第209話 エイデンのお土産は、なかなか厄介
翌日の昼頃には戻ってきたエイデンたち。いったいどこまで行ってきたのか、気になるところではあったけれど、どの子も怪我などしてなかったので、よかった。
いつも遠出をしたついでに魔物を狩ってくるエイデンなのに、今回は大きな麻袋いっぱいに、木の実を入れて帰ってきた。
「これ、何?」
一つ取り出してみる。大きさはピンポン玉くらいだろうか。固い殻に包まれている。さすがにこれはナイフとかでは剝くことはできないだろう。割るのだろうか。
これは食べ物なんだよね?
「これはボルダの実だ」
「ボルダの実」
「ああ、俺の好物なんだ」
嬉しそうにそのボルダの実を取り出し、指でつまんで……パリンと割った。まるで、琥珀糖の殻みたいにあっさりと。殻の中から現れたのは……クルミみたい。一つの実に2つ入っていて、一つはエイデン、もう一つを私の口の中に放り込む。
「……クルミだわ」
コリコリとした食感と、クルミの自然な甘さが口に広がる。
「この山では見かけなくて残念だったんでな。ちょっと北の方に行って採ってきた」
「植生が違うのかしら」
「どうかな。五月だったら、この山でも育てられるんじゃないか?」
「うーん、まぁ、クルミだったら身体にいいっていうし、確か木材にもいいって聞いたことあるけど……これも同じなのかなぁ」
私もエイデンを真似して割ってみようとしたけれど、無理! クルミ割り器でもあれば、割れるかしら。素焼きにして食べてもいいし、クルミ餅とかクルミの和え物とかもいいかもしれない。

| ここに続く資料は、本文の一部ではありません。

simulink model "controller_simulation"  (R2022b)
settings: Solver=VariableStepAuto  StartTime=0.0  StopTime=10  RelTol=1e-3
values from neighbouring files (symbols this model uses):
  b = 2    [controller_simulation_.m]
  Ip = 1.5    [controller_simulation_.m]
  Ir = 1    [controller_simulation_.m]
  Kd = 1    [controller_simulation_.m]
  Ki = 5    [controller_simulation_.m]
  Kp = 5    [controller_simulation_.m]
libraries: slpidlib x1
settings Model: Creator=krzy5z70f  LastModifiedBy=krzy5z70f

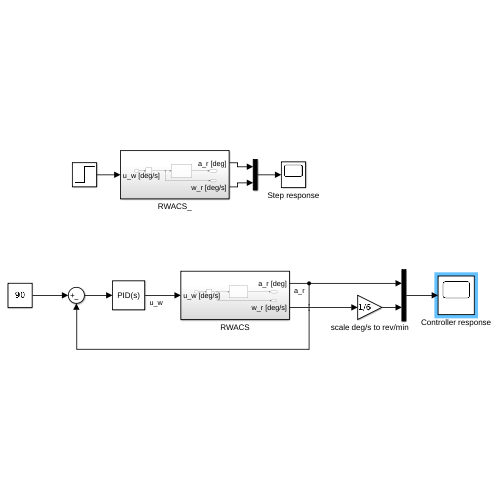
[thumbnail: Simulink's stored preview of the top-level diagram]
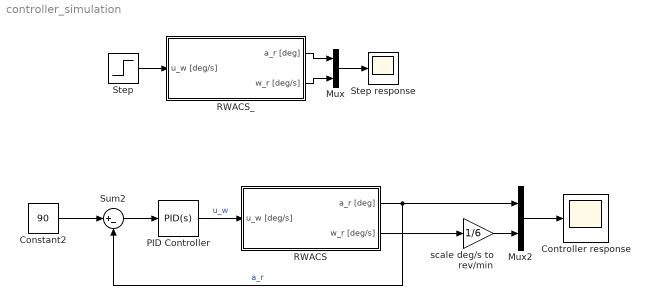
== system controller_simulation ==
  Constant2 : Constant  Value=90
  Controller response : Scope
  Mux : Mux  Inputs=2
  Mux2 : Mux  Inputs=2
  PID Controller : slpidlib/PID Controller  Controller=PID  Form=Parallel  TimeDomain=Continuous-time  UseExternalTs=off  SampleTime=-1  IntegratorMethod=Forward Euler  FilterMethod=Forward Euler  ControllerParametersSource=internal  P=Kp  I=Ki  UseKiTs=off  D=Kd  N=100  UseFilter=on  TunerSelectOption=Transfer Function Based (PID Tuner App)  InitialConditionSource=internal  InitialConditionForIntegrator=0  InitialConditionForFilter=0  DifferentiatorICPrevScaledInput=0  ExternalReset=none  TrackingMode=off  Kt=1  LimitOutput=off  SatLimitsSource=internal  UpperSaturationLimit=inf  LowerSaturationLimit=-inf  LinearizeAsGain=on  AntiWindupMode=none  Kb=1  LimitIntegrator=off  UpperIntegratorSaturationLimit=inf  LowerIntegratorSaturationLimit=-inf  POutMin=[]  POutMax=[]  IOutMin=[]  IOutMax=[]  DOutMin=[]  DOutMax=[]  NOutMin=[]  NOutMax=[]  SumOutMin=[]  SumOutMax=[]  SaturationOutMin=[]  SaturationOutMax=[]  PParamMin=[]  PParamMax=[]  IParamMin=[]  IParamMax=[]  DParamMin=[]  DParamMax=[]  NParamMin=[]  NParamMax=[]  KbParamMin=[]  KbParamMax=[]  KtParamMin=[]  KtParamMax=[]  KbOutMin=[]  KbOutMax=[]  KtOutMin=[]  KtOutMax=[]  IntegratorOutMin=[]  IntegratorOutMax=[]  FilterOutMin=[]  FilterOutMax=[]  SumI1OutMin=[]  SumI1OutMax=[]  SumI2OutMin=[]  SumI2OutMax=[]  SumI3OutMin=[]  SumI3OutMax=[]  SumI4OutMin=[]  SumI4OutMax=[]  SumDOutMin=[]  SumDOutMax=[]  DifferentiatorOutMin=[]  DifferentiatorOutMax=[]  FilterDiffOutCoefMin=[]  FilterDiffOutCoefMax=[]  ReciprocalOutMin=[]  ReciprocalOutMax=[]  SumDenOutMin=[]  SumDenOutMax=[]  SumNumOutMin=[]  SumNumOutMax=[]  DivideOutMin=[]  DivideOutMax=[]  UdiffTsProdOutMin=[]  UdiffTsProdOutMax=[]  NTsProdOutMin=[]  NTsProdOutMax=[]  UintegralTsProdOutMin=[]  UintegralTsProdOutMax=[]  UngainTsProdOutMin=[]  UngainTsProdOutMax=[]  ClampingZeroOutDataTypeStr=Inherit: Inherit via back propagation  ClampingZeroOutMin=[]  ClampingZeroOutMax=[]  FilterDenConstantOutDataTypeStr=Inherit: Inherit via back propagation  FilterDenConstantOutMin=[]  FilterDenConstantOutMax=[]  PCopyOutDataTypeStr=Inherit: Inherit via back propagation  PCopyOutMin=[]  PCopyOutMax=[]  NCopyOutDataTypeStr=Inherit: Inherit via back propagation  NCopyOutMin=[]  NCopyOutMax=[]  IntegratorContinuousStateAttributes=''  IntegratorStateMustResolveToSignalObject=off  IntegratorRTWStateStorageClass=Auto  FilterContinuousStateAttributes=''  FilterStateMustResolveToSignalObject=off  FilterRTWStateStorageClass=Auto  ParallelPVariant=InternalParameters  IdealPVariant=Disabled  IVariant=InternalParameters  DVariant=InternalParameters  IntegratorVariant=Continuous  SatVariant=Disabled  AWVariant=Passthrough  PCopyVariant=Disabled  TRVariant=Disabled  FdbkBlocksVariant=Forward  IdealPFdbkVariant=Disabled  SatFdbkVariant=Disabled  DerivativeFilterVariant=ContFilter  NVariant=InternalParameters  NCopyVariant=Disabled  FilterICVariant=InternalICsFilter  IntegratorICVariant=InternalICs  ExternalResetVariant=Disabled  TRSumVariant=Passthrough  SumFdbkVariant=Disabled  SumVariant=Sum_PID  TsampFilterVariant=InternalTs  TsampNgainVariant=Passthrough  TsampIntegralVariant=Passthrough  ExternalSaturationOutDataTypeStr=Inherit: Same as second input
  RWACS : Subsystem
  RWACS_ : Subsystem
  Step : Step  After=1200  SampleTime=0
  Step response : Scope
  Sum2 : Sum  Inputs=|+-
  scale deg/s to rev/min : Gain  Gain=1/6
  wires:
  Step/1 -> RWACS_/1(u_w [deg/s])
  Mux/1 -> Step response/1
  RWACS_/2(w_r [deg/s]) -> Mux/2
  RWACS_/1(a_r [deg]) -> Mux/1
  Constant2/1 -> Sum2/1
  Sum2/1 -> PID Controller/1
  PID Controller/1 -> RWACS/1(u_w [deg/s])  "u_w"
  RWACS/1(a_r [deg]) -> Mux2/1, Sum2/2  "a_r"
  Mux2/1 -> Controller response/1
  RWACS/2(w_r [deg/s]) -> scale deg/s to rev/min/1
  scale deg/s to rev/min/1 -> Mux2/2

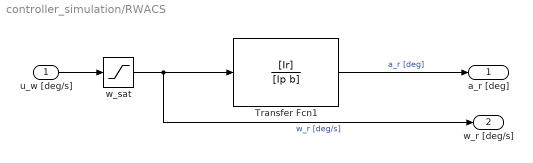
== system controller_simulation/RWACS ==
  u_w [deg/s] : Inport
  Transfer Fcn1 : TransferFcn  Numerator=[Ir]  Denominator=[Ip b]
  w_sat : Saturate  UpperLimit=2400  LowerLimit=-2400
  a_r [deg] : Outport
  w_r [deg/s] : Outport  Port=2
  wires:
  w_sat/1 -> Transfer Fcn1/1, w_r [deg/s]/1  "w_r [deg/s]"
  Transfer Fcn1/1 -> a_r [deg]/1  "a_r [deg]"
  u_w [deg/s]/1 -> w_sat/1

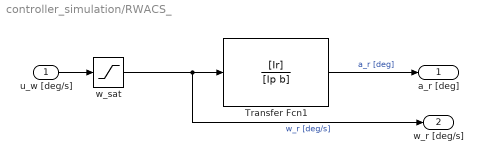
== system controller_simulation/RWACS_ ==
  u_w [deg/s] : Inport
  Transfer Fcn1 : TransferFcn  Numerator=[Ir]  Denominator=[Ip b]
  w_sat : Saturate  UpperLimit=2400  LowerLimit=-2400
  a_r [deg] : Outport
  w_r [deg/s] : Outport  Port=2
  wires:
  Transfer Fcn1/1 -> a_r [deg]/1  "a_r [deg]"
  u_w [deg/s]/1 -> w_sat/1
  w_sat/1 -> w_r [deg/s]/1, Transfer Fcn1/1  "w_r [deg/s]"

もし大きな東屋あたりに植えたら、エイデンが勝手に採って食べるかも?
色々と考えてたら、楽しくなる。
「あ、あの」
いつの間にか集まってきていたガズゥたち。そのガズゥがオドオドしながら、エイデンと私の間で目を泳がせている。
「うん? 何、ガズゥ」
「五月様、その、ボルダの実なんですけど、あまり、目立つところに植えない方がいいかと……」
「え、なんで?」
「ボルダの実は、人族ではどうかは知りませんけど、俺たち獣人の間では、『復活の実』とも言われてまして」
……なんか名前がすでに不穏な響き。
「病にかかった時に、すりつぶして薬湯と一緒に飲むと一発で治ると言われてるんですが……滅多に実がならないとも言われているんです」
それって栄養価が高いってことではなくて? もしかして異世界仕様で、なんぞ特別なパワーがあるとか? さっき、気にせず食べちゃったけど。
目の前のエイデンは気にせず2個目を割って、食べている。
それが今、目の前の袋いっぱいに入ってるね(遠い目)。
「万が一、この木が大きく育って、実がなってるのを見つけられたら、色々と厄介なことになるのではないかなぁと」
「……俺は五月の山であれば、どこに植えててもいいけどな」
植える前提のエイデン。まぁ、普通に美味しかったから、私も植えるのはやぶさかではない。
「立ち枯れの拠点の斜面にでも植えるわ……その前に、まず苗にしないとダメだけど」
ちゃんと育つかは、土の精霊たち次第。
今のところ、私の身体に明確な症状は出ていないから……クルミ餅でも作ってみようかな、と思った私なのであった。